___ Data shown ___

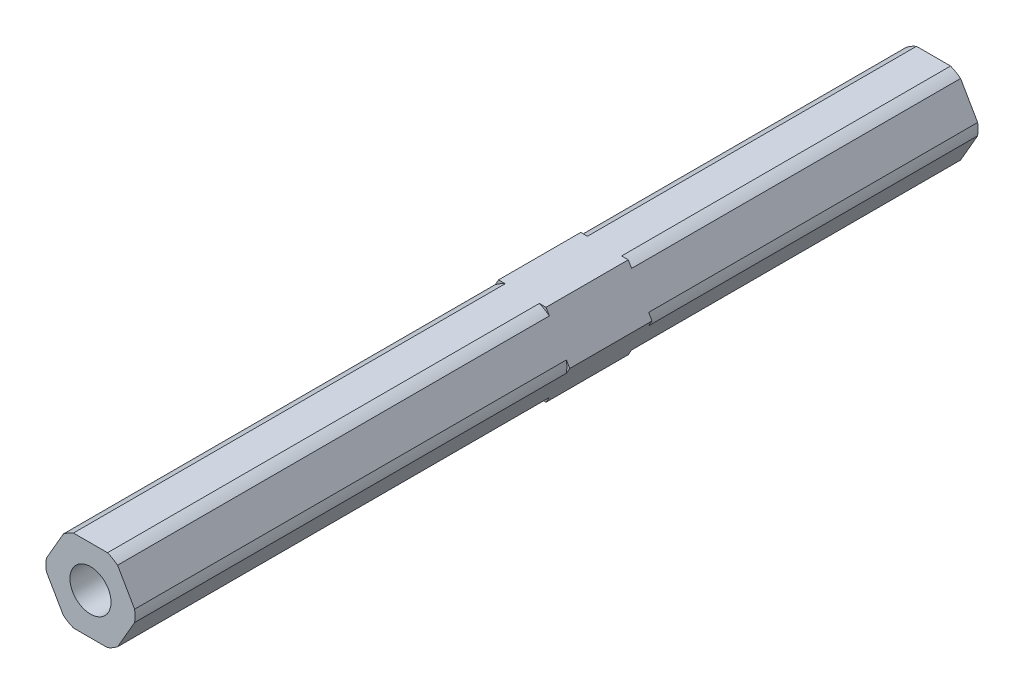
from build123d import *

# Parameters (mm, degrees)
BOSS_EXTRUDE1_DEPTH = 12.7
BOSS_EXTRUDE2_DEPTH = 66.675
BOSS_EXTRUDE3_DEPTH = 50.8
SKETCH5_R           = 3.175
CUT_EXTRUDE1_DEPTH  = 7.62


with BuildPart() as part:
    # Sketch1 → Boss-Extrude1 (new body)
    with BuildSketch(Plane.XY):
        Polygon((3.666174209, -6.35), (7.332348419, 0), (3.666174209, 6.35), (-3.666174209, 6.35), (-7.332348419, 0), (-3.666174209, -6.35), align=None)
    extrude(amount=BOSS_EXTRUDE1_DEPTH)

    # Sketch2 → Boss-Extrude2 (add)
    with BuildSketch(Plane.XY.offset(12.7)):
        with BuildLine():
            Line((-6.816751826, -0.893039494), (-4.181770802, -5.456960506))
            ThreePointArc((-4.181770802, -5.456960506), (-3.4375, -5.953924651), (-2.634981025, -6.35))
            Line((-2.634981025, -6.35), (2.634981025, -6.35))
            ThreePointArc((2.634981025, -6.35), (3.4375, -5.953924651), (4.181770802, -5.456960506))
            Line((4.181770802, -5.456960506), (6.816751826, -0.893039494))
            ThreePointArc((6.816751826, -0.893039494), (6.875, 0), (6.816751826, 0.893039494))
            Line((6.816751826, 0.893039494), (4.181770802, 5.456960506))
            ThreePointArc((4.181770802, 5.456960506), (3.4375, 5.953924651), (2.634981025, 6.35))
            Line((2.634981025, 6.35), (-2.634981025, 6.35))
            ThreePointArc((-2.634981025, 6.35), (-3.4375, 5.953924651), (-4.181770802, 5.456960506))
            Line((-4.181770802, 5.456960506), (-6.816751826, 0.893039494))
            ThreePointArc((-6.816751826, 0.893039494), (-6.875, 0), (-6.816751826, -0.893039494))
        make_face()
    extrude(amount=BOSS_EXTRUDE2_DEPTH)

    # Sketch3 → Boss-Extrude3 (add)
    with BuildSketch(Plane(origin=(0, 0, 0), x_dir=(-1, 0, 0), z_dir=(0, 0, -1))):
        with BuildLine():
            Line((-4.181770802, -5.456960506), (-6.816751826, -0.893039494))
            ThreePointArc((-6.816751826, -0.893039494), (-6.875, 0), (-6.816751826, 0.893039494))
            Line((-6.816751826, 0.893039494), (-4.181770802, 5.456960506))
            ThreePointArc((-4.181770802, 5.456960506), (-3.4375, 5.953924651), (-2.634981025, 6.35))
            Line((-2.634981025, 6.35), (2.634981025, 6.35))
            ThreePointArc((2.634981025, 6.35), (3.4375, 5.953924651), (4.181770802, 5.456960506))
            Line((4.181770802, 5.456960506), (6.816751826, 0.893039494))
            ThreePointArc((6.816751826, 0.893039494), (6.875, 0), (6.816751826, -0.893039494))
            Line((6.816751826, -0.893039494), (4.181770802, -5.456960506))
            ThreePointArc((4.181770802, -5.456960506), (3.4375, -5.953924651), (2.634981025, -6.35))
            Line((2.634981025, -6.35), (-2.634981025, -6.35))
            ThreePointArc((-2.634981025, -6.35), (-3.4375, -5.953924651), (-4.181770802, -5.456960506))
        make_face()
    extrude(amount=BOSS_EXTRUDE3_DEPTH)

    # Sketch5 → Cut-Extrude1 (cut)
    with BuildSketch(Plane.XY.offset(79.375)):
        Circle(SKETCH5_R)
    extrude(amount=-CUT_EXTRUDE1_DEPTH, mode=Mode.SUBTRACT)


solid = part.part

___

**Exercise objective:**
Give every record again exactly, apart from the pictures, which stay out.

**Output below:**
from build123d import *

# Parameters (mm, degrees)
BOSS_EXTRUDE1_DEPTH = 12.7
BOSS_EXTRUDE2_DEPTH = 66.675
BOSS_EXTRUDE3_DEPTH = 50.8
SKETCH5_R           = 3.175
CUT_EXTRUDE1_DEPTH  = 7.62


with BuildPart() as part:
    # Sketch1 → Boss-Extrude1 (new body)
    with BuildSketch(Plane.XY):
        Polygon((3.666174209, -6.35), (7.332348419, 0), (3.666174209, 6.35), (-3.666174209, 6.35), (-7.332348419, 0), (-3.666174209, -6.35), align=None)
    extrude(amount=BOSS_EXTRUDE1_DEPTH)

    # Sketch2 → Boss-Extrude2 (add)
    with BuildSketch(Plane.XY.offset(12.7)):
        with BuildLine():
            Line((-6.816751826, -0.893039494), (-4.181770802, -5.456960506))
            ThreePointArc((-4.181770802, -5.456960506), (-3.4375, -5.953924651), (-2.634981025, -6.35))
            Line((-2.634981025, -6.35), (2.634981025, -6.35))
            ThreePointArc((2.634981025, -6.35), (3.4375, -5.953924651), (4.181770802, -5.456960506))
            Line((4.181770802, -5.456960506), (6.816751826, -0.893039494))
            ThreePointArc((6.816751826, -0.893039494), (6.875, 0), (6.816751826, 0.893039494))
            Line((6.816751826, 0.893039494), (4.181770802, 5.456960506))
            ThreePointArc((4.181770802, 5.456960506), (3.4375, 5.953924651), (2.634981025, 6.35))
            Line((2.634981025, 6.35), (-2.634981025, 6.35))
            ThreePointArc((-2.634981025, 6.35), (-3.4375, 5.953924651), (-4.181770802, 5.456960506))
            Line((-4.181770802, 5.456960506), (-6.816751826, 0.893039494))
            ThreePointArc((-6.816751826, 0.893039494), (-6.875, 0), (-6.816751826, -0.893039494))
        make_face()
    extrude(amount=BOSS_EXTRUDE2_DEPTH)

    # Sketch3 → Boss-Extrude3 (add)
    with BuildSketch(Plane(origin=(0, 0, 0), x_dir=(-1, 0, 0), z_dir=(0, 0, -1))):
        with BuildLine():
            Line((-4.181770802, -5.456960506), (-6.816751826, -0.893039494))
            ThreePointArc((-6.816751826, -0.893039494), (-6.875, 0), (-6.816751826, 0.893039494))
            Line((-6.816751826, 0.893039494), (-4.181770802, 5.456960506))
            ThreePointArc((-4.181770802, 5.456960506), (-3.4375, 5.953924651), (-2.634981025, 6.35))
            Line((-2.634981025, 6.35), (2.634981025, 6.35))
            ThreePointArc((2.634981025, 6.35), (3.4375, 5.953924651), (4.181770802, 5.456960506))
            Line((4.181770802, 5.456960506), (6.816751826, 0.893039494))
            ThreePointArc((6.816751826, 0.893039494), (6.875, 0), (6.816751826, -0.893039494))
            Line((6.816751826, -0.893039494), (4.181770802, -5.456960506))
            ThreePointArc((4.181770802, -5.456960506), (3.4375, -5.953924651), (2.634981025, -6.35))
            Line((2.634981025, -6.35), (-2.634981025, -6.35))
            ThreePointArc((-2.634981025, -6.35), (-3.4375, -5.953924651), (-4.181770802, -5.456960506))
        make_face()
    extrude(amount=BOSS_EXTRUDE3_DEPTH)

    # Sketch5 → Cut-Extrude1 (cut)
    with BuildSketch(Plane.XY.offset(79.375)):
        Circle(SKETCH5_R)
    extrude(amount=-CUT_EXTRUDE1_DEPTH, mode=Mode.SUBTRACT)


solid = part.part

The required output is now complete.